We’re not going to sugarcoat it. Gears POP! wasn’t very good, and didn’t have many players. In April 2021, the game’s servers were shut down for good. This left those that purchased microtransactions reeling. At the bare minimum, at least it was free to play.

Gears 5 (2019)

A promotional image for Gears 5.
Gears 5 was the first mainline title to drop the Gears of War title.

©Xbox Game Studios

For The Coalition, Gears 5 represents a coming-of-age moment. It’s where the studio seems genuinely unafraid to take risks, doing so with confidence.

The real innovations arrive in the single-player campaign. First off, there’s a shift in the protagonist. While JD Fenix was a safe choice for Gears of War 4 as the son of Marcus Fenix, the focus here moves to Kait Diaz, a fan favorite for the previous game. It’s a natural shift, too. It feels like The Coalition is finally telling the story it wants to tell, without needing to pander to legacy fans. Some story choices proved controversial, and it will likely take the release of Gears 6 to see them justified. It’s certainly better than feeling nothing at all.

Also added to Gears 5‘s campaign is the addition of open-worlds. Previously, Gears of War campaigns were entirely linear, but this sequel includes a variety of hub worlds. You can traverse these areas using the Skiff, a new vehicle that transforms the game into an open-world experience. For the first time, you can undergo side quests away from the main story. It’s certainly a big deviation from the norm, but one that in our opinion, pays off.

In terms of multiplayer, there’s little we can say that we haven’t already. It doesn’t change much. At its core, Gears 5 is still using the mechanics of the original Gears of War. Epic Games pretty much nailed it the first time around, and the series has spent almost two decades trying to figure out how to improve it. All things considered, it’s genuinely remarkable how well that formula holds up. This lack of innovation might not be winning the hearts of critics, but the fans still love it.

Gears Tactics (2020)

A promotional image for Gears Tactics.
Gears Tactics was a massive change in pace for the franchise.

©Xbox Game Studios

Finally, this brings us to Gears Tactics, the most recent game in the Gears of War franchise. The game takes heavy inspiration from XCOM: Enemy Unknown and its sequel, bringing turn-based tactical combat to the world of Sera. You command a squad of COG soldiers, completing a series of missions where you aim to eliminate all enemies as well as complete a set of secondary objectives. Each turn, you move your characters around the map, placing them into cover and firing at enemies where necessary. Your characters are comprised of different classes, so you need to consider the best soldier for the job in every situation. For the most part, death is permanent too, except for a few story-essential characters.

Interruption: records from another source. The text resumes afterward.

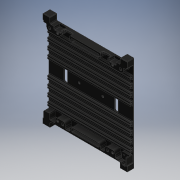
# Autodesk Inventor part: -Y
Saved by Autodesk Inventor 2018 (Build 220112000, 112)
## iProperties
Created: 2018-07-04
Part Number: -Y
Material: Aluminum 6061
Document SubType Name: Modeling
Designer: Bradley
Density: 2.7 g/cm^3
Appearance: Anodized - Dark Gray
Mass: 79.7819 g
Surface Area: 340.072 cm^2
Volume: 29.5489 cm^3
Author: Bradley
Autodesk Inventor part; units mm, degrees
ref_plane "YZ Plane" through (0, 0, 0) normal (1, 0, 0) x (0, 1, 0)
ref_plane "XZ Plane" through (0, 0, 0) normal (0, 1, 0) x (-1, 0, 0)
ref_plane "XY Plane" through (0, 0, 0) normal (0, 0, 1) x (1, 0, 0)
sketch "Sketch1" plane through (0, 0, 0) normal (0, 1, 0) x (-1, 0, 0)
  line L0 (50, 57) -> (50, -56.5)
  line L1 (50, -56.5) -> (41.5, -56.5)
  line L2 (41.5, -56.5) -> (41.5, -50)
  line L3 (41.5, -50) -> (-41.5, -50)
  line L4 (-41.5, -50) -> (-41.5, -56.5)
  line L5 (-41.5, -56.5) -> (-50, -56.5)
  line L6 (-50, -56.5) -> (-50, 57)
  line L7 (-50, 57) -> (-41.5, 57)
  line L8 (-41.5, 57) -> (-41.5, 50)
  line L9 (-41.5, 50) -> (41.5, 50)
  line L10 (41.5, 50) -> (41.5, 57)
  line L11 (50, 57) -> (41.5, 57)
  point P0 (0, 0)
  point P1 (0, 0)
  point P2 (0, 50)
  dimension "d0" = 100
  dimension "d1" = 8.5
  dimension "d2" = 113.5
  dimension "d3" = 7
  dimension "d4" = 6.5
  dimension "d5" = 56.5
  constraints: 24 end point, 8 perpendicular, 7 point on line, 1 coincident, 1 collinear, 1 midpoint, 1 vertical, 1 vertical alignment
  measures "d0" distance between parallel lines of L6 L0
  measures "d1" distance of L0.start L10.end
  measures "d2" distance of L0.start L0.end
  measures "d3" distance of L9.end L10.end
  measures "d4" distance of L1.end L2.end
  measures "d5" distance from line of point (0, 0) L1
extrude "Extrusion1" add sketch "Sketch1" along normal mid plane 8.5
sketch "Sketch2" plane through (50, -4.25, -56.5) normal (1, 0, 0) x (0, 0, -1)
  line L0 (0, 8.5) -> (0, 0) projected
  line L1 (-113.5, 8.5) -> (0, 8.5) projected
  line L2 (-113.5, 8.5) -> (-113.5, 0) projected
  line L3 (0, 0) -> (-113.5, 0) projected
  line L4 (-106.5, 8.5) -> (-106.5, 0) projected
  line L5 (-6.5, 8.5) -> (-6.5, 0) projected
  line L6 (0, 0) -> (-113.5, 0) projected
  line L7 (-98.5, 0) -> (-98.5, 4.5)
  line L8 (-98.5, 4.5) -> (-14.5, 4.5)
  line L9 (-14.5, 4.5) -> (-14.5, 0)
  line L10 (-46.55, 4.5) -> (-45.45, 4.5)
  line L11 (-45.45, 4.5) -> (-45.45, 6.5)
  line L12 (-45.45, 6.5) -> (-46.55, 6.5)
  line L13 (-46.55, 6.5) -> (-46.55, 4.5)
  line L14 (0, 8.5) -> (-113.5, 8.5) construction
  line L15 (-56.5, 8.5) -> (-56.5, 0) construction
  line L16 (-36.45, 4.5) -> (-36.45, 6.5)
  line L17 (-37.55, 4.5) -> (-36.45, 4.5)
  line L18 (-37.55, 6.5) -> (-37.55, 4.5)
  line L19 (-36.45, 6.5) -> (-37.55, 6.5)
  line L20 (-27.45, 4.5) -> (-27.45, 6.5)
  line L21 (-28.55, 4.5) -> (-27.45, 4.5)
  line L22 (-28.55, 6.5) -> (-28.55, 4.5)
  line L23 (-27.45, 6.5) -> (-28.55, 6.5)
  line L24 (-18.45, 4.5) -> (-18.45, 6.5)
  line L25 (-19.55, 4.5) -> (-18.45, 4.5)
  line L26 (-19.55, 6.5) -> (-19.55, 4.5)
  line L27 (-18.45, 6.5) -> (-19.55, 6.5)
  line L28 (-66.45, 4.5) -> (-67.55, 4.5)
  line L29 (-67.55, 4.5) -> (-67.55, 6.5)
  line L30 (-67.55, 6.5) -> (-66.45, 6.5)
  line L31 (-66.45, 6.5) -> (-66.45, 4.5)
  line L32 (-76.55, 4.5) -> (-76.55, 6.5)
  line L33 (-75.45, 4.5) -> (-76.55, 4.5)
  line L34 (-75.45, 6.5) -> (-75.45, 4.5)
  line L35 (-76.55, 6.5) -> (-75.45, 6.5)
  line L36 (-85.55, 4.5) -> (-85.55, 6.5)
  line L37 (-84.45, 4.5) -> (-85.55, 4.5)
  line L38 (-84.45, 6.5) -> (-84.45, 4.5)
  line L39 (-85.55, 6.5) -> (-84.45, 6.5)
  line L40 (-94.55, 4.5) -> (-94.55, 6.5)
  line L41 (-93.45, 4.5) -> (-94.55, 4.5)
  line L42 (-93.45, 6.5) -> (-93.45, 4.5)
  line L43 (-94.55, 6.5) -> (-93.45, 6.5)
  point P0 (-56.5, 4.25)
  point P1 (-56.5, 4.25)
  point P2 (-46, 6.5)
  point P3 (-37, 6.5)
  point P4 (-28, 6.5)
  point P5 (-19, 6.5)
  point P6 (-67, 6.5)
  point P7 (-76, 6.5)
  point P8 (-85, 6.5)
  point P9 (-94, 6.5)
  dimension "d8" = 4
  dimension "d9" = 8
  dimension "d10" = 8
  dimension "d11" = 1.1
  dimension "d14" = 9
  dimension "d19" = 21
  dimension "d20" = 2
  constraints: 72 end point, 20 symmetric about line, 5 point on line, 4 perpendicular, 3 parallel, 2 horizontal, 2 midpoint, 1 coincident, 27 other
  measures "d8" distance between parallel lines of L1 L8
  measures "d9" distance between parallel lines of L7 L4
  measures "d10" distance between parallel lines of L5 L9
  measures "d11" distance of L11.end L12.end
  measures "d14" distance of L11.end L16.end
  measures "d19" distance of point (-46, 6.5) point (-67, 6.5)
  measures "d20" distance between parallel lines of L1 L12
extrude "Extrusion2" cut sketch "Sketch2" against normal through all contours L3 L7 L8 L9 | L8 L26 L27 L24 | L40 L43 L42 L8 | L8 L22 L23 L20 | L36 L39 L38 L8 | L8 L18 L19 L16 | L32 L35 L34 L8 | L8 L13 L12 L11 | L29 L30 L31 L8
fillet "Fillet1" radius 1 6 edges at (41.5, 0, 50) (-41.5, 0, 50) (-41.5, 0, -50) (41.5, 0, -50) (50, 4.25, 0.25) (-50, 4.25, 0.25)
chamfer "Chamfer1" distance 0.5 angle 45 30 edges at (45.75, -4.25, 57) (41.5, 0, 57) (49.7071, 3.9571, 57) (50, -0.5, 57) (45.25, 4.25, 57) (-45.25, 4.25, 57) (-49.7071, 3.9571, 57) (-50, -0.5, 57) (-41.5, 0, 57) (-45.75, -4.25, 57) (-41.5, 0, -56.5) (-45.75, -4.25, -56.5) (-45.25, 4.25, -56.5) (-49.7071, 3.9571, -56.5) (-50, -0.5, -56.5) (50, -0.5, -56.5) (49.7071, 3.9571, -56.5) (45.25, 4.25, -56.5) (41.5, 0, -56.5) (45.75, -4.25, -56.5) (0, 4.25, -50) (-41.2071, 4.25, -50.2929) (-41.5, 4.25, -53.75) (41.2071, 4.25, -50.2929) (41.5, 4.25, -53.75) (0, 4.25, 50) (41.2071, 4.25, 50.2929) (41.5, 4.25, 54) (-41.2071, 4.25, 50.2929) (-41.5, 4.25, 54)
sketch "Sketch3" plane through (0, 4.25, 0) normal (0, 1, 0) x (1, 0, 0)
  line L0 (-32.5, 45) -> (32.5, 45) construction
  line L1 (32.5, 45) -> (32.5, -45) construction
  line L2 (32.5, -45) -> (-32.5, -45) construction
  line L3 (-32.5, -45) -> (-32.5, 45) construction
  line L4 (-32.5, 45) -> (32.5, -45) construction
  line L5 (32.5, 45) -> (-32.5, -45) construction
  line L6 (14, 0) -> (-14, 0) construction
  point P0 (0, 0)
  point P1 (0, 0)
  dimension "d27" = 28
  dimension "d28" = 65
  dimension "d29" = 90
  constraints: 14 end point, 6 coincident, 4 midpoint, 2 horizontal, 2 parallel, 1 perpendicular
  measures "d27" distance of L6.start L6.end
  measures "d28" distance of L1.end L2.end
  measures "d29" distance of L0.end L1.end
hole "Hole1" at (32.5, 4.25, 45) at (-32.5, 4.25, 45) at (-14, 4.25, 0) at (14, 4.25, 0) at (32.5, 4.25, -45) at (-32.5, 4.25, -45) direction (0, -1, 0) diameter 2.621 end through all thread size "M3x0.35" class "6H" standard "ANSI Metric M Profile"
sketch "Sketch4" plane through (0, -4.25, 0) normal (0, -1, 0) x (1, 0, 0)
  circle A0 centre (32.5, 45) radius 1.3105 projected
  line L0 (-50, 42) -> (50, 42) projected
  line L1 (50, 42) -> (50, 56.5) projected
  line L2 (41.5, 56.5) -> (50, 56.5) projected
  line L3 (-50, 56.5) -> (-41.5, 56.5) projected
  line L4 (-50, 56.5) -> (-50, 42) projected
  circle A1 centre (-32.5, 45) radius 1.3105 projected
  line L5 (0, 50) -> (0, 42) construction
  line L6 (50, 42) -> (-50, 42) construction
  line L7 (-36.55, 50) -> (-28.45, 50)
  line L8 (-28.45, 50) -> (-28.45, 46.95)
  line L9 (-28.45, 46.95) -> (-36.55, 46.95)
  line L10 (-36.55, 46.95) -> (-36.55, 50)
  line L11 (28.45, 50) -> (36.55, 50)
  line L12 (36.55, 50) -> (36.55, 46.95)
  line L13 (36.55, 46.95) -> (28.45, 46.95)
  line L14 (28.45, 46.95) -> (28.45, 50)
  line L15 (-15, 46) -> (15, 46) construction
  line L16 (-15, 44.45) -> (15, 44.45)
  line L17 (15, 47.55) -> (-15, 47.55)
  arc A2 (-15, 47.55) -> (-15, 44.45) centre (-15, 46) ccw
  arc A3 (15, 44.45) -> (15, 47.55) centre (15, 46) ccw
  line L18 (41.5, 56.5) -> (41.5, 51) projected
  arc A4 (40.5, 50) -> (41.5, 51) centre (40.5, 51) ccw projected
  line L19 (40.5, 50) -> (-40.5, 50) projected
  arc A5 (-41.5, 51) -> (-40.5, 50) centre (-40.5, 51) ccw projected
  line L20 (-41.5, 51) -> (-41.5, 56.5) projected
  point P0 (0, 0)
  point P1 (31.653, 44)
  point P2 (-31.653, 44)
  point P3 (0, 46)
  point P4 (-32.5, 46.95)
  dimension "d38" = 3.1
  dimension "d39" = 30
  dimension "d40" = 8.1
  dimension "d41" = 3.05
  constraints: 26 end point, 5 midpoint, 5 parallel, 4 point on circle, 4 tangent, 3 perpendicular, 2 centre point, 2 horizontal, 2 point on line, 1 collinear, 1 vertical alignment, 4 other
  measures "d38" distance between parallel lines of L16 L17
  measures "d39" distance of L17.start L17.end
  measures "d40" distance of L8.end L9.end
  measures "d41" distance of L9.end L7.start
extrude "Extrusion3" cut sketch "Sketch4" against normal blind 7 contours A2 L17 A3 L16
extrude "Extrusion4" cut sketch "Sketch4" against normal blind 6.6 contours L7 L8 L9 L10 | L12 L13 L14 L11
sketch "Sketch5" plane through (0, 4.25, 0) normal (0, 1, 0) x (1, 0, 0)
  circle A0 centre (32.5, 45) radius 1.3105 projected
  circle A1 centre (-14, 0) radius 1.3105 projected
  circle A2 centre (32.5, -45) radius 1.3105 projected
  circle A3 centre (-32.5, -45) radius 1.3105 projected
  circle A4 centre (14, 0) radius 1.3105 projected
  circle A5 centre (-32.5, 45) radius 1.3105 projected
  line L0 (-49, 56) -> (-42, 56) projected
  line L1 (-49, -56.5) -> (-49, 56) projected
  line L2 (-42, -56.5) -> (-49, -56.5) projected
  line L3 (-42, -51) -> (-42, -56.5) projected
  arc A6 (-40.5, -49.5) -> (-42, -51) centre (-40.5, -51) ccw projected
  line L4 (40.5, -49.5) -> (-40.5, -49.5) projected
  arc A7 (42, -51) -> (40.5, -49.5) centre (40.5, -51) ccw projected
  line L5 (42, -56.5) -> (42, -51) projected
  line L6 (49, -56.5) -> (42, -56.5) projected
  line L7 (49, 56) -> (49, -56.5) projected
  line L8 (42, 56) -> (49, 56) projected
  line L9 (42, 51) -> (42, 56) projected
  arc A8 (40.5, 49.5) -> (42, 51) centre (40.5, 51) ccw projected
  line L10 (-40.5, 49.5) -> (40.5, 49.5) projected
  arc A9 (-42, 51) -> (-40.5, 49.5) centre (-40.5, 51) ccw projected
  line L11 (-42, 56) -> (-42, 51) projected
  line L12 (42, -45.5) -> (-42, -45.5) construction
  line L13 (-40.5, -50) -> (40.5, -50) projected
  line L14 (26.5, 45.5) -> (-26.5, 45.5) construction
  line L15 (40.5, 50) -> (-40.5, 50) projected
  point P0 (0, 0)
  point P1 (0, -45.5)
  point P2 (0, 45.5)
  dimension "d50" = 84
  dimension "d51" = 4.5
  dimension "d76" = 53
  dimension "d77" = 4.5
  constraints: 4 coincident, 4 end point, 2 horizontal, 2 midpoint, 2 vertical alignment
  measures "d50" distance of L12.start L12.end
  measures "d51" distance between parallel lines of L13 L12
  measures "d76" distance of L14.start L14.end
  measures "d77" distance between parallel lines of L15 L14
hole "Hole2" at (42, 4.25, 45.5) at (-42, 4.25, 45.5) at (26.5, 4.25, -45.5) at (-26.5, 4.25, -45.5) direction (0, -1, 0) diameter 3.2 end through all counterbore diameter 6 counterbore depth 2.1 clearance for "Socket Head Cap Screw" size "M3" standard "Ansi Metric M Profile"
mirror "Mirror1" about plane through (0, 0, 0) normal (0, 0, 1) of "Extrusion3"
fillet "Fillet3" radius 1 4 edges at (-28.45, -0.95, 46.95) (-36.55, -0.95, 46.95) (36.55, -0.95, 46.95) (28.45, -0.95, 46.95)
chamfer "Chamfer3" distance 0.5 angle 45 22 edges at (32.5, -4.25, 46.95) (28.7429, -4.25, 47.2429) (28.45, -4.25, 48.975) (36.2571, -4.25, 47.2429) (36.55, -4.25, 48.975) (16.55, -4.25, 46) (0, -4.25, 44.45) (-16.55, -4.25, 46) (0, -4.25, 47.55) (16.55, -4.25, -46) (0, -4.25, -47.55) (-16.55, -4.25, -46) (0, -4.25, -44.45) (-28.45, -4.25, 48.975) (-28.7429, -4.25, 47.2429) (-32.5, -4.25, 46.95) (-36.2571, -4.25, 47.2429) (-36.55, -4.25, 48.975) (42, 4.25, 42.5) (-42, 4.25, 42.5) (-26.5, 4.25, -48.5) (26.5, 4.25, -48.5)
sketch "Sketch6" plane through (50, -4.25, 42) normal (1, 0, 0) x (0, 0, -1)
  line L0 (98, 7.5) -> (98, 0) projected
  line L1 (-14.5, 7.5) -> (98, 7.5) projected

It would be all too easy to write off Gears Tactics as a cheap XCOM clone. There are undeniable similarities, for sure. However, the way it integrates elements of the series’ third-person gameplay into a new genre seamlessly is impressive and deserves praise. For example, you’ve got to use grenades to close Emergence Holes to stop spawning Locust, in the same way you do in the main games. As Gears Tactics is turn-based, taking the time to do this can be a death sentence, so you’ve got to think tactically about it.

As for the story itself, it’s standard Gears of War fare. Chronologically, the game takes place prior to the original game during the early days of the Human-Locust War. Some familiar faces from the series lore appear, with some great deep-cut references for huge fans. It’s not going to be for everyone, but Gears Tactics more than earns its place in the series. Returning players should at least give it a shot.